I would like to know why this function:
@tf.function
def train(self,TargetNet,epsilon):
if len(self.experience['s']) < self.min_experiences:
return 0
ids=np.random.randint(low=0,high=len(self.replay_buffer['s']),size=self.batch_size)
states=np.asarray([self.experience['s'][i] for i in ids])
actions=np.asarray([self.experience['a'][i] for i in ids])
rewards=np.asarray([self.experience['r'][i] for i in ids])
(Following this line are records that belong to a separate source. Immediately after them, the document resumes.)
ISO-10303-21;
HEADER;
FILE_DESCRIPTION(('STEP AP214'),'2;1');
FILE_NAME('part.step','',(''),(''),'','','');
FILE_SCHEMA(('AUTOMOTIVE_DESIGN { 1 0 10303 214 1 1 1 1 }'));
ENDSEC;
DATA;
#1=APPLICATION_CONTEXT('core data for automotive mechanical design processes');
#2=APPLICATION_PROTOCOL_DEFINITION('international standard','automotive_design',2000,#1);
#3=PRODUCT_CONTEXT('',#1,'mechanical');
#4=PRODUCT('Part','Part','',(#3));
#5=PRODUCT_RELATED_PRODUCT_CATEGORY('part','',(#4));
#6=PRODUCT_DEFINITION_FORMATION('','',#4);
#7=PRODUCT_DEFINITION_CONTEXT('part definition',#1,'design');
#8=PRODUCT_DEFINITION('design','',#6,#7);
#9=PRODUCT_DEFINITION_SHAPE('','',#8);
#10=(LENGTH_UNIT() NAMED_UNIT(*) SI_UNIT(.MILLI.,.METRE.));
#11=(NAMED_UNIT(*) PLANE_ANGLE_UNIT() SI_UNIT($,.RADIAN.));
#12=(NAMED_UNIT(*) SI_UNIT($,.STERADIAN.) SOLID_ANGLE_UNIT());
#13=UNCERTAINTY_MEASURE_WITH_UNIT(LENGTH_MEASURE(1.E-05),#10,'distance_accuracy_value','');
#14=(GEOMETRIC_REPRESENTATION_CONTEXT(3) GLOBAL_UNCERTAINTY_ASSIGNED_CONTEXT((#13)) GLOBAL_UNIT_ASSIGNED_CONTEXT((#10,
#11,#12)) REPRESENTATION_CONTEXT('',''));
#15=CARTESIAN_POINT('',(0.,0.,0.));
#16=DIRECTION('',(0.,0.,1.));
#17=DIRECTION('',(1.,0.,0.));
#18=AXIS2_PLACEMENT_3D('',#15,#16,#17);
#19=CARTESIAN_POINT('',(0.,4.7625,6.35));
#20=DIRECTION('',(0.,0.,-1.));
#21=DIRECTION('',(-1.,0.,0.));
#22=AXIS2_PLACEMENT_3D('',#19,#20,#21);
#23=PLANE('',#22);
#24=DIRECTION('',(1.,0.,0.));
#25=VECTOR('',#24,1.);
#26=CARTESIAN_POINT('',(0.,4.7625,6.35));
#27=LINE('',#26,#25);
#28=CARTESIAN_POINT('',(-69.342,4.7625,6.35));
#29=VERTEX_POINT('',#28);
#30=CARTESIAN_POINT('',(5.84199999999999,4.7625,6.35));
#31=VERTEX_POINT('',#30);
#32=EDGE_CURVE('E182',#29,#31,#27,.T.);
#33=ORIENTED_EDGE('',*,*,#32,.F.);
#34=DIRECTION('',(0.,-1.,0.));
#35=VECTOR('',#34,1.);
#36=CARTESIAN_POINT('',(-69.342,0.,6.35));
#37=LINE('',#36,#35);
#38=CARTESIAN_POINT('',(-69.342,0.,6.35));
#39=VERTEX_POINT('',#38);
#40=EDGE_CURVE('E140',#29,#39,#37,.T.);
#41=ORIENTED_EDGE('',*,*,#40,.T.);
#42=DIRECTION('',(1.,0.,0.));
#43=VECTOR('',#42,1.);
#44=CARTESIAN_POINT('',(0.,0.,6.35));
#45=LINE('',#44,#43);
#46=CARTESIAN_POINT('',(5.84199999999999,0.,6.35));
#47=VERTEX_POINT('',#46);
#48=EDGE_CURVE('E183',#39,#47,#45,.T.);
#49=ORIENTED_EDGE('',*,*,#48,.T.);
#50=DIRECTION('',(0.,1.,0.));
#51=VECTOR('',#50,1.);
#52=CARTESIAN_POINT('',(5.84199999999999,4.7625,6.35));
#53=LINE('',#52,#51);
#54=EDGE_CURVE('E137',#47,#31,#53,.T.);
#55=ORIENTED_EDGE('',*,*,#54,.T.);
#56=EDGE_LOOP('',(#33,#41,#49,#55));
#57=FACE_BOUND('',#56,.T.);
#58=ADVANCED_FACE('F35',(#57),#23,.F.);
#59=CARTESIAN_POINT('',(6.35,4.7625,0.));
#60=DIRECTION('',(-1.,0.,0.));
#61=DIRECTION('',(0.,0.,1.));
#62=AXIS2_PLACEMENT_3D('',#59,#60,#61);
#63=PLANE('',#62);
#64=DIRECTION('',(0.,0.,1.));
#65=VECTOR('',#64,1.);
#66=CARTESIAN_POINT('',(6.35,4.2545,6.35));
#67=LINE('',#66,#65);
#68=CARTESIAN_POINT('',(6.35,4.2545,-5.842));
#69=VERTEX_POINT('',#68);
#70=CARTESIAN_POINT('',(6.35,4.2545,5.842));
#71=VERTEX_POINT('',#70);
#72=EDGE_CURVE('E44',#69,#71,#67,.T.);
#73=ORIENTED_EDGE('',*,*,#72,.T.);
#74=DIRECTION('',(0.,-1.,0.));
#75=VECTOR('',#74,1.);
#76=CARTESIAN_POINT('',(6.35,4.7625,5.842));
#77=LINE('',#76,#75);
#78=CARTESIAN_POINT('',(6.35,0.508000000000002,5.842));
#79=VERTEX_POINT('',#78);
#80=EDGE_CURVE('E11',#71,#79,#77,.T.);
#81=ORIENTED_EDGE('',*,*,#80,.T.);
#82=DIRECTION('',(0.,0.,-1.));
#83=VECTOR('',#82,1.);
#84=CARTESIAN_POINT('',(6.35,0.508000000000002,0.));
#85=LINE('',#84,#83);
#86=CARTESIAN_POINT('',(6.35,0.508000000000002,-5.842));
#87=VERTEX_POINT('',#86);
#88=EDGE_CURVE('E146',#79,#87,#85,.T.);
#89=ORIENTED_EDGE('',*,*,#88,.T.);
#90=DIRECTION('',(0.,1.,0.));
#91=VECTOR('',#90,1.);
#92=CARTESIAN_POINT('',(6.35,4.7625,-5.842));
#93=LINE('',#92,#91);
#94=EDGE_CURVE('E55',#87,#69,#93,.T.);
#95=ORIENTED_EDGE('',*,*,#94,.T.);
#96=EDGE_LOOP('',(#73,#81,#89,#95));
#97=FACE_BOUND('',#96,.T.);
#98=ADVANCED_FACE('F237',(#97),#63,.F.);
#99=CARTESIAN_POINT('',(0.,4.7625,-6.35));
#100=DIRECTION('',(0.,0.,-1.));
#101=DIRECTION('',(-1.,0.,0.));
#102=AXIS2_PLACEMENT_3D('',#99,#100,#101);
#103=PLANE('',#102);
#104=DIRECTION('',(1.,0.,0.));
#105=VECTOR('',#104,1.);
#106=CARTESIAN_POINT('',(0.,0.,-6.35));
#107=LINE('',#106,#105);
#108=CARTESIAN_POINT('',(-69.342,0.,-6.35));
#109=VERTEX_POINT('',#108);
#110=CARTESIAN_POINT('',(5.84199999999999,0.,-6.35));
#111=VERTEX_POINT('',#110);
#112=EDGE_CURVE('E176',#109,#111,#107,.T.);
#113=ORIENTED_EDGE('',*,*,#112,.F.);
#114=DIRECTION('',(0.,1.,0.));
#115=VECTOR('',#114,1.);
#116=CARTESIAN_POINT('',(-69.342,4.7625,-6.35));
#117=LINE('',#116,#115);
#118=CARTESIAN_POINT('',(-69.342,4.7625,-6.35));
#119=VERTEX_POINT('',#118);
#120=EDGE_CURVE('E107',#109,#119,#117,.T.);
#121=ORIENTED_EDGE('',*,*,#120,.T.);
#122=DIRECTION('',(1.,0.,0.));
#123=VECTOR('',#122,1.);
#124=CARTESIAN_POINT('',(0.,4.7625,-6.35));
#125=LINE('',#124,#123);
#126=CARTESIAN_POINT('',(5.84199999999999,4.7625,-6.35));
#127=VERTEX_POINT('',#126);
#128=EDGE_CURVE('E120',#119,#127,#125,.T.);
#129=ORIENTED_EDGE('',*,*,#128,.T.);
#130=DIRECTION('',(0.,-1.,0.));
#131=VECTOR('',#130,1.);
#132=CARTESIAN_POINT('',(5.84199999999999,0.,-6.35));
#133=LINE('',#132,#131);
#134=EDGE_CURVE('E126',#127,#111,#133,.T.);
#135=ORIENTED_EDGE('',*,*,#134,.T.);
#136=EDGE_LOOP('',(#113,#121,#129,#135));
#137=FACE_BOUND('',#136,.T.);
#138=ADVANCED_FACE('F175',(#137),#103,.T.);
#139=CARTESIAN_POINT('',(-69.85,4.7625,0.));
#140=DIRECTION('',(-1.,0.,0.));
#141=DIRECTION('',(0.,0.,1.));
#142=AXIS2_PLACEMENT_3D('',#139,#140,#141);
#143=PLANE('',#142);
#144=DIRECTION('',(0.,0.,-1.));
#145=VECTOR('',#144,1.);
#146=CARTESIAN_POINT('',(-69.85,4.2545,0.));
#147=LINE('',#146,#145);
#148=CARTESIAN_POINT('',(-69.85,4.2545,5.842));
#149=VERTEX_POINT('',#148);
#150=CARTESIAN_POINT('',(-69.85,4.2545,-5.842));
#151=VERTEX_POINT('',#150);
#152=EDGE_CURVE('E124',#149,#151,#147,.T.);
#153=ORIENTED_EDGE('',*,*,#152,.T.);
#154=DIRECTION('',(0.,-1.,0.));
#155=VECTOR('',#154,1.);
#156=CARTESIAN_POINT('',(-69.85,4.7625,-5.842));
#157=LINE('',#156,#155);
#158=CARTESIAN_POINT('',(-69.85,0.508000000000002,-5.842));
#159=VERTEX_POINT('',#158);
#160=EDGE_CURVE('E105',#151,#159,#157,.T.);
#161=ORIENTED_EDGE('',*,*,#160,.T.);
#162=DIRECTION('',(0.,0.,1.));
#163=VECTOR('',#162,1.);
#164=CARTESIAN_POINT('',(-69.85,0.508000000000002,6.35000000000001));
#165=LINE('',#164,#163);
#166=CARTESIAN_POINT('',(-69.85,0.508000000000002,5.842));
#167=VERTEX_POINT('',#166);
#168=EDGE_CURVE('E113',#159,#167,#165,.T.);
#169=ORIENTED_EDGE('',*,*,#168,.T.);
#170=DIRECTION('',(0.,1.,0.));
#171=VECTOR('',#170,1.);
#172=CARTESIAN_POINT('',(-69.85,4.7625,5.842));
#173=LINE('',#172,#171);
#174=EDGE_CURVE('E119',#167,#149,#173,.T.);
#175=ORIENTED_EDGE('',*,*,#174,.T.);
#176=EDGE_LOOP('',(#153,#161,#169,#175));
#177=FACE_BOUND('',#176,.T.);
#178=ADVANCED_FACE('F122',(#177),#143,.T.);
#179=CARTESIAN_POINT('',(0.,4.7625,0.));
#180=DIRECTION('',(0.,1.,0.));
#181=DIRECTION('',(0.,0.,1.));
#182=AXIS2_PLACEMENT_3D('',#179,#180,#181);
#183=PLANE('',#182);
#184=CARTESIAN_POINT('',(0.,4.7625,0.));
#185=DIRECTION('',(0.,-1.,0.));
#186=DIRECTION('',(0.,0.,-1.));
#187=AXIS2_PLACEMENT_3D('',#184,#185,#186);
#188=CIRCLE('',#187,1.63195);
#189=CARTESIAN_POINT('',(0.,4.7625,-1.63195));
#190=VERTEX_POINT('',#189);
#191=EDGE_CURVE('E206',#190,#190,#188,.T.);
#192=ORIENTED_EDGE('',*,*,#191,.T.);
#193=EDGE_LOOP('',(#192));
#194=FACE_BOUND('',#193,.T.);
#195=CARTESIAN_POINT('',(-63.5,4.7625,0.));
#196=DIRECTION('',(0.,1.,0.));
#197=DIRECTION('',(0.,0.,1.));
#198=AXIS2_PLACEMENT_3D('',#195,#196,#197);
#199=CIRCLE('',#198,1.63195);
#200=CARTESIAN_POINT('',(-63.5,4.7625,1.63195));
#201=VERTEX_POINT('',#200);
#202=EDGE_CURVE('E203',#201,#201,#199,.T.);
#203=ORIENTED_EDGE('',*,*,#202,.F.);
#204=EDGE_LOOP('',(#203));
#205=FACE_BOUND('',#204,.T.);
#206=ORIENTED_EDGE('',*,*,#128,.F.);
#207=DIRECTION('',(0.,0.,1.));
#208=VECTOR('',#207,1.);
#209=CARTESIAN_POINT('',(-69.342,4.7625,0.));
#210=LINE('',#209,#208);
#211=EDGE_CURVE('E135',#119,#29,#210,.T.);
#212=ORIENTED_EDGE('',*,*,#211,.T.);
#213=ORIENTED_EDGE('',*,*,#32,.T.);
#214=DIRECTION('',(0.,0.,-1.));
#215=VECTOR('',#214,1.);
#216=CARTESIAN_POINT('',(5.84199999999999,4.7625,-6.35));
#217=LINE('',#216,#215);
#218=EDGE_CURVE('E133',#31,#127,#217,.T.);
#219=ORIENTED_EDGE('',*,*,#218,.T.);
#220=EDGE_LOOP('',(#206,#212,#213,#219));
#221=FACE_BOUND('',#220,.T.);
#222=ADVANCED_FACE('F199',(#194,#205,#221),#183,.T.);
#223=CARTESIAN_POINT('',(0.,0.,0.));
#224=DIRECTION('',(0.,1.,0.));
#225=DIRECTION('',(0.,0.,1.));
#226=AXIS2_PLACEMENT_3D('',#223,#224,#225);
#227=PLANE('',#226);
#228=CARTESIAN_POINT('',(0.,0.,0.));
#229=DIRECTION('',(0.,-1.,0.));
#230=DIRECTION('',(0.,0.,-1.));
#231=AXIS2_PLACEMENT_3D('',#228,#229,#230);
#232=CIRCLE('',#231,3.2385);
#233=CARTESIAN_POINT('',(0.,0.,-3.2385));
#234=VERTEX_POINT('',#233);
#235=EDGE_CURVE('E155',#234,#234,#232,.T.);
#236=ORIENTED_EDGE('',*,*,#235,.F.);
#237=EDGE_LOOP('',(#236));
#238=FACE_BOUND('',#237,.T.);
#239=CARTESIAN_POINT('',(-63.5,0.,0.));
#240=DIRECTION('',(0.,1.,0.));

next_states=np.asarray([self.experience['s1'][i] for i in ids])
dones = np.asarray([self.experience['done'][i] for i in ids])
q_next_actions=self.get_action(next_states,epsilon)
q_value_next=TargetNet.predict(next_states)
q_value_next=tf.gather_nd(q_value_next,tf.stack((tf.range(self.batch_size),q_next_actions),axis=1))
targets=tf.where(dones, rewards, rewards+self.gamma*q_value_next)
with tf.GradientTape() as tape:
estimates=tf.math.reduce_sum(self.predict(states)*tf.one_hot(actions,self.num_actions),axis=1)
loss=tf.math.reduce_sum(tf.square(estimates - targets))
variables=self.model.trainable_variables
gradients=tape.gradient(loss,variables)
self.optimizer.apply_gradients(zip(gradients,variables))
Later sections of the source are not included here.